• The Goddammerung, Book I: Who Killed Luke Mandrake? Vol I: Famebeau •
Back in the day, if memory serves me right, life was one big party
where every heart gaped wide, where all wines gushed forth.
One night, I took Beauty on my knee. –And I found that I was sick of her.
–And I cussed her out.
I armed myself against justice.
I hit the road. O witches, O misery, O hatred, you can keep the jackpot!
–A Season in Hell, Arthur Rimbaud
March 31, 1994 –Portland, OR
Luke stroked the burlwood stock of the Remington Model 11 twenty gauge shotgun with his fingertips. Freedom from all physical limitations, that was the blessing he imagined his death would confer upon him. Freedom from pain at least, he was guaranteed that, he supposed. Either way, he had understood the deal he was making, when he set out on his drug-fueled sprint to stardom. From the start, his own untimely demise had loomed ahead with inevitable finality.
With its dainty bullets, auto-loading feature and low recoil, the Remington was a sensible choice. A classic, highly collectible and suitable for small game hunting, it was the gun for a sportsman who was also a showman, and a favorite with taxidermists and museum specimen collectors. Not your weapon if you wanted to make a Grand Guignol statement by leaving a messy headless corpse, but certainly the instrument of choice for a suicidal rock star with angelic good looks. Administered by mouth, the gunshot would leave the face perfect and the body easy to identify.
But suicide was not what Luke Mandrake had been thinking about, when he added the Remington to his collection of firearms.
Still, he had arranged for a friend to make the purchase. There was no point in Charity or his Mom catching wind of it. They would only object, even though he had already explained to them repeatedly that his arsenal was essential for the protection of home and family.

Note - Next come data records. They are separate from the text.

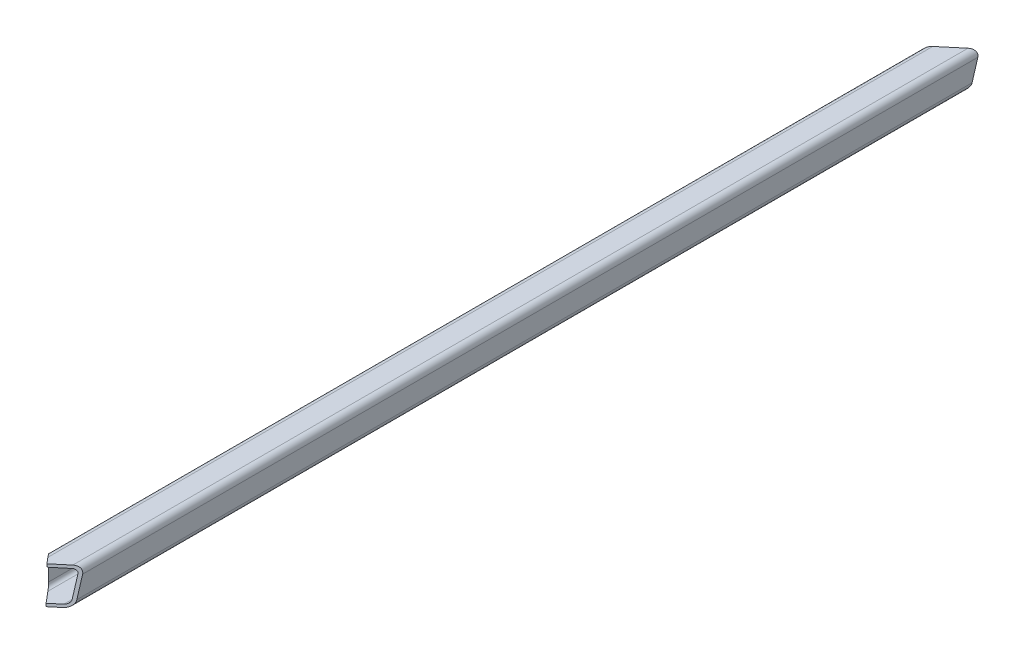
ISO-10303-21;
HEADER;
FILE_DESCRIPTION(('STEP AP214'),'2;1');
FILE_NAME('part.step','',(''),(''),'','','');
FILE_SCHEMA(('AUTOMOTIVE_DESIGN { 1 0 10303 214 1 1 1 1 }'));
ENDSEC;
DATA;
#1=APPLICATION_CONTEXT('core data for automotive mechanical design processes');
#2=APPLICATION_PROTOCOL_DEFINITION('international standard','automotive_design',2000,#1);
#3=PRODUCT_CONTEXT('',#1,'mechanical');
#4=PRODUCT('Part','Part','',(#3));
#5=PRODUCT_RELATED_PRODUCT_CATEGORY('part','',(#4));
#6=PRODUCT_DEFINITION_FORMATION('','',#4);
#7=PRODUCT_DEFINITION_CONTEXT('part definition',#1,'design');
#8=PRODUCT_DEFINITION('design','',#6,#7);
#9=PRODUCT_DEFINITION_SHAPE('','',#8);
#10=(LENGTH_UNIT() NAMED_UNIT(*) SI_UNIT(.MILLI.,.METRE.));
#11=(NAMED_UNIT(*) PLANE_ANGLE_UNIT() SI_UNIT($,.RADIAN.));
#12=(NAMED_UNIT(*) SI_UNIT($,.STERADIAN.) SOLID_ANGLE_UNIT());
#13=UNCERTAINTY_MEASURE_WITH_UNIT(LENGTH_MEASURE(1.E-05),#10,'distance_accuracy_value','');
#14=(GEOMETRIC_REPRESENTATION_CONTEXT(3) GLOBAL_UNCERTAINTY_ASSIGNED_CONTEXT((#13)) GLOBAL_UNIT_ASSIGNED_CONTEXT((#10,
#11,#12)) REPRESENTATION_CONTEXT('',''));
#15=CARTESIAN_POINT('',(0.,0.,0.));
#16=DIRECTION('',(0.,0.,1.));
#17=DIRECTION('',(1.,0.,0.));
#18=AXIS2_PLACEMENT_3D('',#15,#16,#17);
#19=CARTESIAN_POINT('',(-50.,-30.,0.));
#20=DIRECTION('',(-1.,0.,0.));
#21=DIRECTION('',(0.,1.,0.));
#22=AXIS2_PLACEMENT_3D('',#19,#20,#21);
#23=PLANE('',#22);
#24=DIRECTION('',(0.,-0.957462646749428,0.288557238827203));
#25=VECTOR('',#24,1.);
#26=CARTESIAN_POINT('',(-50.,7.09412884569476,73.3105957355298));
#27=LINE('',#26,#25);
#28=CARTESIAN_POINT('',(-50.,30.,66.4072925563847));
#29=VERTEX_POINT('',#28);
#30=CARTESIAN_POINT('',(-50.,-30.,84.4899137306008));
#31=VERTEX_POINT('',#30);
#32=EDGE_CURVE('E220',#29,#31,#27,.T.);
#33=ORIENTED_EDGE('',*,*,#32,.T.);
#34=DIRECTION('',(0.,0.,-1.));
#35=VECTOR('',#34,1.);
#36=CARTESIAN_POINT('',(-50.,-30.,0.));
#37=LINE('',#36,#35);
#38=CARTESIAN_POINT('',(-50.,-30.,2787.37015506374));
#39=VERTEX_POINT('',#38);
#40=EDGE_CURVE('E11',#39,#31,#37,.T.);
#41=ORIENTED_EDGE('',*,*,#40,.F.);
#42=DIRECTION('',(0.,1.,0.));
#43=VECTOR('',#42,1.);
#44=CARTESIAN_POINT('',(-50.,-14.9999999999995,2787.37015506374));
#45=LINE('',#44,#43);
#46=CARTESIAN_POINT('',(-50.,30.,2787.37015506374));
#47=VERTEX_POINT('',#46);
#48=EDGE_CURVE('E194',#39,#47,#45,.T.);
#49=ORIENTED_EDGE('',*,*,#48,.T.);
#50=DIRECTION('',(0.,0.,-1.));
#51=VECTOR('',#50,1.);
#52=CARTESIAN_POINT('',(-50.,30.,0.));
#53=LINE('',#52,#51);
#54=EDGE_CURVE('E103',#47,#29,#53,.T.);
#55=ORIENTED_EDGE('',*,*,#54,.T.);
#56=EDGE_LOOP('',(#33,#41,#49,#55));
#57=FACE_BOUND('',#56,.T.);
#58=ADVANCED_FACE('F17',(#57),#23,.T.);
#59=CARTESIAN_POINT('',(-30.,-30.,0.));
#60=DIRECTION('',(0.,0.,1.));
#61=DIRECTION('',(1.,0.,0.));
#62=AXIS2_PLACEMENT_3D('',#59,#60,#61);
#63=CYLINDRICAL_SURFACE('',#62,20.);
#64=CARTESIAN_POINT('',(-30.,-30.,67.7079211070552));
#65=DIRECTION('',(0.62631300489342,0.224951054343865,0.746410773670208));
#66=DIRECTION('',(0.702474766541767,0.252305856894065,-0.665485504687398));
#67=AXIS2_PLACEMENT_3D('',#64,#65,#66);
#68=ELLIPSE('',#67,26.7948972677031,20.);
#69=CARTESIAN_POINT('',(-30.,-50.,73.7354614984606));
#70=VERTEX_POINT('',#69);
#71=EDGE_CURVE('E264',#31,#70,#68,.T.);
#72=ORIENTED_EDGE('',*,*,#71,.T.);
#73=DIRECTION('',(0.,0.,1.));
#74=VECTOR('',#73,1.);
#75=CARTESIAN_POINT('',(-30.,-50.,0.));
#76=LINE('',#75,#74);
#77=CARTESIAN_POINT('',(-30.,-50.,2811.20522691563));
#78=VERTEX_POINT('',#77);
#79=EDGE_CURVE('E28',#70,#78,#76,.T.);
#80=ORIENTED_EDGE('',*,*,#79,.T.);
#81=CARTESIAN_POINT('',(-30.,-30.,2811.20522691563));
#82=DIRECTION('',(0.766044443118977,0.,-0.64278760968654));
#83=DIRECTION('',(0.64278760968654,0.,0.766044443118977));
#84=AXIS2_PLACEMENT_3D('',#81,#82,#83);
#85=ELLIPSE('',#84,31.1144765372082,20.);
#86=EDGE_CURVE('E190',#78,#39,#85,.T.);
#87=ORIENTED_EDGE('',*,*,#86,.T.);
#88=ORIENTED_EDGE('',*,*,#40,.T.);
#89=EDGE_LOOP('',(#72,#80,#87,#88));
#90=FACE_BOUND('',#89,.T.);
#91=ADVANCED_FACE('F561',(#90),#63,.T.);
#92=CARTESIAN_POINT('',(30.,-50.,0.));
#93=DIRECTION('',(0.,-1.,0.));
#94=DIRECTION('',(0.,0.,-1.));
#95=AXIS2_PLACEMENT_3D('',#92,#93,#94);
#96=PLANE('',#95);
#97=DIRECTION('',(0.766044443118978,0.,-0.642787609686539));
#98=VECTOR('',#97,1.);
#99=CARTESIAN_POINT('',(32.7147110753145,-50.,21.1115705657745));
#100=LINE('',#99,#98);
#101=CARTESIAN_POINT('',(30.,-50.,23.3894836278238));
#102=VERTEX_POINT('',#101);
#103=EDGE_CURVE('E311',#70,#102,#100,.T.);
#104=ORIENTED_EDGE('',*,*,#103,.T.);
#105=DIRECTION('',(0.,0.,-1.));
#106=VECTOR('',#105,1.);
#107=CARTESIAN_POINT('',(30.,-50.,0.));
#108=LINE('',#107,#106);
#109=CARTESIAN_POINT('',(30.,-50.,2823.4562481028));
#110=VERTEX_POINT('',#109);
#111=EDGE_CURVE('E205',#110,#102,#108,.T.);
#112=ORIENTED_EDGE('',*,*,#111,.F.);
#113=DIRECTION('',(-0.766044443118978,0.,0.642787609686539));
#114=VECTOR('',#113,1.);
#115=CARTESIAN_POINT('',(1411.47844037869,-50.,1664.25819830167));
#116=LINE('',#115,#114);
#117=CARTESIAN_POINT('',(0.823004993712573,-50.,2847.93865385143));
#118=VERTEX_POINT('',#117);
#119=EDGE_CURVE('E230',#110,#118,#116,.T.);
#120=ORIENTED_EDGE('',*,*,#119,.T.);
#121=DIRECTION('',(-0.64278760968654,0.,-0.766044443118977));
#122=VECTOR('',#121,1.);
#123=CARTESIAN_POINT('',(-1395.65543538498,-50.,1183.68045554977));
#124=LINE('',#123,#122);
#125=EDGE_CURVE('E193',#118,#78,#124,.T.);
#126=ORIENTED_EDGE('',*,*,#125,.T.);
#127=ORIENTED_EDGE('',*,*,#79,.F.);
#128=EDGE_LOOP('',(#104,#112,#120,#126,#127));
#129=FACE_BOUND('',#128,.T.);
#130=ADVANCED_FACE('F434',(#129),#96,.T.);
#131=CARTESIAN_POINT('',(-30.,30.,0.));
#132=DIRECTION('',(0.,0.,1.));
#133=DIRECTION('',(0.,-1.,0.));
#134=AXIS2_PLACEMENT_3D('',#131,#132,#133);
#135=CYLINDRICAL_SURFACE('',#134,20.);
#136=CARTESIAN_POINT('',(-30.,30.,49.6252999328391));
#137=DIRECTION('',(0.62631300489342,0.224951054343865,0.746410773670208));
#138=DIRECTION('',(-0.702474766541767,-0.252305856894065,0.665485504687398));
#139=AXIS2_PLACEMENT_3D('',#136,#137,#138);
#140=ELLIPSE('',#139,26.7948972677031,20.);
#141=CARTESIAN_POINT('',(-30.,50.,43.5977595414338));
#142=VERTEX_POINT('',#141);
#143=EDGE_CURVE('E21',#142,#29,#140,.T.);
#144=ORIENTED_EDGE('',*,*,#143,.T.);
#145=ORIENTED_EDGE('',*,*,#54,.F.);
#146=CARTESIAN_POINT('',(-30.,30.,2811.20522691563));
#147=DIRECTION('',(0.766044443118977,0.,-0.64278760968654));
#148=DIRECTION('',(0.64278760968654,0.,0.766044443118977));
#149=AXIS2_PLACEMENT_3D('',#146,#147,#148);
#150=ELLIPSE('',#149,31.1144765372082,20.);
#151=CARTESIAN_POINT('',(-30.,50.,2811.20522691563));
#152=VERTEX_POINT('',#151);
#153=EDGE_CURVE('E273',#47,#152,#150,.T.);
#154=ORIENTED_EDGE('',*,*,#153,.T.);
#155=DIRECTION('',(0.,0.,-1.));
#156=VECTOR('',#155,1.);
#157=CARTESIAN_POINT('',(-30.,50.,0.));
#158=LINE('',#157,#156);
#159=EDGE_CURVE('E195',#152,#142,#158,.T.);
#160=ORIENTED_EDGE('',*,*,#159,.T.);
#161=EDGE_LOOP('',(#144,#145,#154,#160));
#162=FACE_BOUND('',#161,.T.);
#163=ADVANCED_FACE('F500',(#162),#135,.T.);
#164=CARTESIAN_POINT('',(-30.,-30.,0.));
#165=DIRECTION('',(0.,0.,1.));
#166=DIRECTION('',(1.,0.,0.));
#167=AXIS2_PLACEMENT_3D('',#164,#165,#166);
#168=CYLINDRICAL_SURFACE('',#167,12.);
#169=CARTESIAN_POINT('',(-30.,-30.,67.7079211070552));
#170=DIRECTION('',(-0.62631300489342,-0.224951054343865,-0.746410773670208));
#171=DIRECTION('',(0.702474766541767,0.252305856894065,-0.665485504687398));
#172=AXIS2_PLACEMENT_3D('',#169,#170,#171);
#173=ELLIPSE('',#172,16.0769383606218,12.);
#174=CARTESIAN_POINT('',(-30.,-42.,71.3244453418984));
#175=VERTEX_POINT('',#174);
#176=CARTESIAN_POINT('',(-42.,-30.,77.7771166811826));
#177=VERTEX_POINT('',#176);
#178=EDGE_CURVE('E184',#175,#177,#173,.T.);
#179=ORIENTED_EDGE('',*,*,#178,.T.);
#180=DIRECTION('',(0.,0.,-1.));
#181=VECTOR('',#180,1.);
#182=CARTESIAN_POINT('',(-42.,-30.,0.));
#183=LINE('',#182,#181);
#184=CARTESIAN_POINT('',(-42.,-30.,2796.9041838045));
#185=VERTEX_POINT('',#184);
#186=EDGE_CURVE('E211',#185,#177,#183,.T.);
#187=ORIENTED_EDGE('',*,*,#186,.F.);
#188=CARTESIAN_POINT('',(-30.,-30.,2811.20522691563));
#189=DIRECTION('',(-0.766044443118977,0.,0.64278760968654));
#190=DIRECTION('',(0.64278760968654,0.,0.766044443118977));
#191=AXIS2_PLACEMENT_3D('',#188,#189,#190);
#192=ELLIPSE('',#191,18.6686859223249,12.);
#193=CARTESIAN_POINT('',(-30.,-42.,2811.20522691563));
#194=VERTEX_POINT('',#193);
#195=EDGE_CURVE('E265',#185,#194,#192,.T.);
#196=ORIENTED_EDGE('',*,*,#195,.T.);
#197=DIRECTION('',(0.,0.,-1.));
#198=VECTOR('',#197,1.);
#199=CARTESIAN_POINT('',(-30.,-42.,0.));
#200=LINE('',#199,#198);
#201=EDGE_CURVE('E280',#194,#175,#200,.T.);
#202=ORIENTED_EDGE('',*,*,#201,.T.);
#203=EDGE_LOOP('',(#179,#187,#196,#202));
#204=FACE_BOUND('',#203,.T.);
#205=ADVANCED_FACE('F359',(#204),#168,.F.);
#206=CARTESIAN_POINT('',(-42.,-30.,0.));
#207=DIRECTION('',(-1.,0.,0.));
#208=DIRECTION('',(0.,1.,0.));
#209=AXIS2_PLACEMENT_3D('',#206,#207,#208);
#210=PLANE('',#209);
#211=DIRECTION('',(0.,0.957462646749428,-0.288557238827203));
#212=VECTOR('',#211,1.);
#213=CARTESIAN_POINT('',(-42.,5.23949863124053,67.1567416125488));
#214=LINE('',#213,#212);
#215=CARTESIAN_POINT('',(-42.,30.,59.6944955069665));
#216=VERTEX_POINT('',#215);
#217=EDGE_CURVE('E209',#177,#216,#214,.T.);
#218=ORIENTED_EDGE('',*,*,#217,.T.);
#219=DIRECTION('',(0.,0.,1.));
#220=VECTOR('',#219,1.);
#221=CARTESIAN_POINT('',(-42.,30.,0.));
#222=LINE('',#221,#220);
#223=CARTESIAN_POINT('',(-42.,30.,2796.9041838045));
#224=VERTEX_POINT('',#223);
#225=EDGE_CURVE('E116',#216,#224,#222,.T.);
#226=ORIENTED_EDGE('',*,*,#225,.T.);
#227=DIRECTION('',(0.,-1.,0.));
#228=VECTOR('',#227,1.);
#229=CARTESIAN_POINT('',(-42.,-14.9999999999995,2796.9041838045));
#230=LINE('',#229,#228);
#231=EDGE_CURVE('E269',#224,#185,#230,.T.);
#232=ORIENTED_EDGE('',*,*,#231,.T.);
#233=ORIENTED_EDGE('',*,*,#186,.T.);
#234=EDGE_LOOP('',(#218,#226,#232,#233));
#235=FACE_BOUND('',#234,.T.);
#236=ADVANCED_FACE('F499',(#235),#210,.F.);
#237=CARTESIAN_POINT('',(-30.,30.,0.));
#238=DIRECTION('',(0.,0.,1.));
#239=DIRECTION('',(0.,-1.,0.));
#240=AXIS2_PLACEMENT_3D('',#237,#238,#239);
#241=CYLINDRICAL_SURFACE('',#240,12.);
#242=CARTESIAN_POINT('',(-30.,30.,49.6252999328391));
#243=DIRECTION('',(-0.62631300489342,-0.224951054343865,-0.746410773670208));
#244=DIRECTION('',(-0.702474766541767,-0.252305856894065,0.665485504687398));
#245=AXIS2_PLACEMENT_3D('',#242,#243,#244);
#246=ELLIPSE('',#245,16.0769383606218,12.);
#247=CARTESIAN_POINT('',(-30.,42.,46.0087756979959));
#248=VERTEX_POINT('',#247);
#249=EDGE_CURVE('E250',#216,#248,#246,.T.);
#250=ORIENTED_EDGE('',*,*,#249,.T.);
#251=DIRECTION('',(0.,0.,-1.));
#252=VECTOR('',#251,1.);
#253=CARTESIAN_POINT('',(-30.,42.,0.));
#254=LINE('',#253,#252);
#255=CARTESIAN_POINT('',(-30.,42.,2811.20522691563));
#256=VERTEX_POINT('',#255);
#257=EDGE_CURVE('E173',#256,#248,#254,.T.);
#258=ORIENTED_EDGE('',*,*,#257,.F.);
#259=CARTESIAN_POINT('',(-30.,30.,2811.20522691563));
#260=DIRECTION('',(-0.766044443118977,0.,0.64278760968654));
#261=DIRECTION('',(0.64278760968654,0.,0.766044443118977));
#262=AXIS2_PLACEMENT_3D('',#259,#260,#261);
#263=ELLIPSE('',#262,18.6686859223249,12.);
#264=EDGE_CURVE('E168',#256,#224,#263,.T.);
#265=ORIENTED_EDGE('',*,*,#264,.T.);
#266=ORIENTED_EDGE('',*,*,#225,.F.);
#267=EDGE_LOOP('',(#250,#258,#265,#266));
#268=FACE_BOUND('',#267,.T.);
#269=ADVANCED_FACE('F522',(#268),#241,.F.);
#270=CARTESIAN_POINT('',(-1401.85307405248,0.,1176.29439740218));
#271=DIRECTION('',(0.766044443118977,0.,-0.64278760968654));
#272=DIRECTION('',(0.,-1.,0.));
#273=AXIS2_PLACEMENT_3D('',#270,#271,#272);
#274=PLANE('',#273);
#275=DIRECTION('',(-0.14459575051816,0.974370064785235,-0.172322505153873));
#276=VECTOR('',#275,1.);
#277=CARTESIAN_POINT('',(-77.2010687028977,475.771479937275,2754.95318371466));
#278=LINE('',#277,#276);
#279=CARTESIAN_POINT('',(-0.364188708097686,-42.,2846.5238114922));
#280=VERTEX_POINT('',#279);
#281=EDGE_CURVE('E227',#118,#280,#278,.T.);
#282=ORIENTED_EDGE('',*,*,#281,.T.);
#283=DIRECTION('',(0.64278760968654,0.,0.766044443118977));
#284=VECTOR('',#283,1.);
#285=CARTESIAN_POINT('',(-1395.65543538498,-42.,1183.68045554977));
#286=LINE('',#285,#284);
#287=EDGE_CURVE('E270',#194,#280,#286,.T.);
#288=ORIENTED_EDGE('',*,*,#287,.F.);
#289=ORIENTED_EDGE('',*,*,#195,.F.);
#290=ORIENTED_EDGE('',*,*,#231,.F.);
#291=ORIENTED_EDGE('',*,*,#264,.F.);
#292=DIRECTION('',(-0.64278760968654,0.,-0.766044443118977));
#293=VECTOR('',#292,1.);
#294=CARTESIAN_POINT('',(-1408.05071271998,42.,1168.90833925458));
#295=LINE('',#294,#293);
#296=CARTESIAN_POINT('',(-12.829722577103,42.,2831.6679667202));
#297=VERTEX_POINT('',#296);
#298=EDGE_CURVE('E164',#297,#256,#295,.T.);
#299=ORIENTED_EDGE('',*,*,#298,.F.);
#300=DIRECTION('',(-0.14459575051816,0.974370064785235,-0.172322505153873));
#301=VECTOR('',#300,1.);
#302=CARTESIAN_POINT('',(-77.2010687028977,475.771479937275,2754.95318371466));
#303=LINE('',#302,#301);
#304=CARTESIAN_POINT('',(-14.016916278913,50.,2830.25312436097));
#305=VERTEX_POINT('',#304);
#306=EDGE_CURVE('E147',#297,#305,#303,.T.);
#307=ORIENTED_EDGE('',*,*,#306,.T.);
#308=DIRECTION('',(0.64278760968654,0.,0.766044443118977));
#309=VECTOR('',#308,1.);
#310=CARTESIAN_POINT('',(-1408.05071271998,50.,1168.90833925458));
#311=LINE('',#310,#309);
#312=EDGE_CURVE('E199',#152,#305,#311,.T.);
#313=ORIENTED_EDGE('',*,*,#312,.F.);
#314=ORIENTED_EDGE('',*,*,#153,.F.);
#315=ORIENTED_EDGE('',*,*,#48,.F.);
#316=ORIENTED_EDGE('',*,*,#86,.F.);
#317=ORIENTED_EDGE('',*,*,#125,.F.);
#318=EDGE_LOOP('',(#282,#288,#289,#290,#291,#299,#307,#313,#314,#315,#316,#317));
#319=FACE_BOUND('',#318,.T.);
#320=ADVANCED_FACE('F166',(#319),#274,.F.);
#321=CARTESIAN_POINT('',(30.,-42.,0.));
#322=DIRECTION('',(0.,-1.,0.));
#323=DIRECTION('',(0.,0.,-1.));
#324=AXIS2_PLACEMENT_3D('',#321,#322,#323);
#325=PLANE('',#324);
#326=DIRECTION('',(-0.766044443118978,0.,0.642787609686539));
#327=VECTOR('',#326,1.);
#328=CARTESIAN_POINT('',(31.5275173735045,-42.,19.6967282065372));
#329=LINE('',#328,#327);
#330=CARTESIAN_POINT('',(30.,-42.,20.9784674712617));
#331=VERTEX_POINT('',#330);
#332=EDGE_CURVE('E215',#331,#175,#329,.T.);
#333=ORIENTED_EDGE('',*,*,#332,.T.);
#334=ORIENTED_EDGE('',*,*,#201,.F.);
#335=ORIENTED_EDGE('',*,*,#287,.T.);
#336=DIRECTION('',(0.766044443118978,0.,-0.642787609686539));
#337=VECTOR('',#336,1.);
#338=CARTESIAN_POINT('',(1410.29124667688,-42.,1662.84335594243));
#339=LINE('',#338,#337);
#340=CARTESIAN_POINT('',(30.,-42.,2821.04523194623));
#341=VERTEX_POINT('',#340);
#342=EDGE_CURVE('E161',#280,#341,#339,.T.);
#343=ORIENTED_EDGE('',*,*,#342,.T.);
#344=DIRECTION('',(0.,0.,-1.));
#345=VECTOR('',#344,1.);
#346=CARTESIAN_POINT('',(30.,-42.,0.));
#347=LINE('',#346,#345);
#348=EDGE_CURVE('E247',#341,#331,#347,.T.);
#349=ORIENTED_EDGE('',*,*,#348,.T.);
#350=EDGE_LOOP('',(#333,#334,#335,#343,#349));
#351=FACE_BOUND('',#350,.T.);
#352=ADVANCED_FACE('F340',(#351),#325,.F.);
#353=CARTESIAN_POINT('',(1324.65200534958,475.771479937275,1578.65878631249));
#354=DIRECTION('',(-0.62631300489342,-0.224951054343865,-0.746410773670208));
#355=DIRECTION('',(-0.766044443118978,0.,0.64278760968654));
#356=AXIS2_PLACEMENT_3D('',#353,#354,#355);
#357=PLANE('',#356);
#358=ORIENTED_EDGE('',*,*,#306,.F.);
#359=DIRECTION('',(-0.766044443118978,0.,0.642787609686539));
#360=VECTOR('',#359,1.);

Home was the 5000-square-foot chalet overlooking the Willamette River that he and Charity had recently purchased. The nostalgic quaintness of its mullioned windows and solid, half-timbered architecture had charmed Charity, his antique-obsessed wife. The built-in oak gun cabinet with its advanced thumbprint-activated lock was what had sold Luke on the place.
Luke worried about intruders. Paparazzi, thieves, crazed stalkers, presumptuous fans, uninvited salesmen and renegade drug dealers–they clustered around him like flies. It was one of the consequences that ensued upon achieving worldwide fame. Yet Luke could not bring himself to hire handlers. He wanted his real friends to feel comfortable visiting him, wanted privacy for himself and his family. More to the point, he disliked and distrusted police, soldiers–anyone whose philosophy of life veered toward the martial end of the social spectrum. Why would he want bodyguards shadowing him twenty-four hours a day? The last thing he needed was a bevy of hired thugs hanging out in the laundry room, or in the hall by the door, or somewhere around the back of the shed. This was not a way of life, to Luke Mandrake’s mind, that was worth the fantastic quantity of money it would have cost him.
Constant vigilance was the price he paid for his stubbornness.
Within days of closing on the house, Luke had begun to feel trapped there, pacing the carpets as if he were locked in a luxurious cage. His fame, like the bars in the leaded windows, separated him from the society of fellow miscreants and weirdos, from the liberty and the anonymity that had once been his own.
He had to do it. He had to set himself free.
Charity believed in reincarnation, and although Luke was skeptical, when she described to him her vision of the place where souls gathered between lives, it was the very picture of a lost paradise. Maybe he really was on his way to that lush and fruitful garden, over which a female deity presided, wrapped in a radiant aurora. If God were a woman, then surely the afterlife would be a haven for lovers, a place for reuniting, a land of peace where wholeness and tender fellowship were bestowed upon all gentle spirits.
Luke raised his head and gazed out over the Willamette, but he didn’t see black water dimpled with moonlight. All he saw was a window on oblivion.
He closed his eyes, and prepared himself for the shot.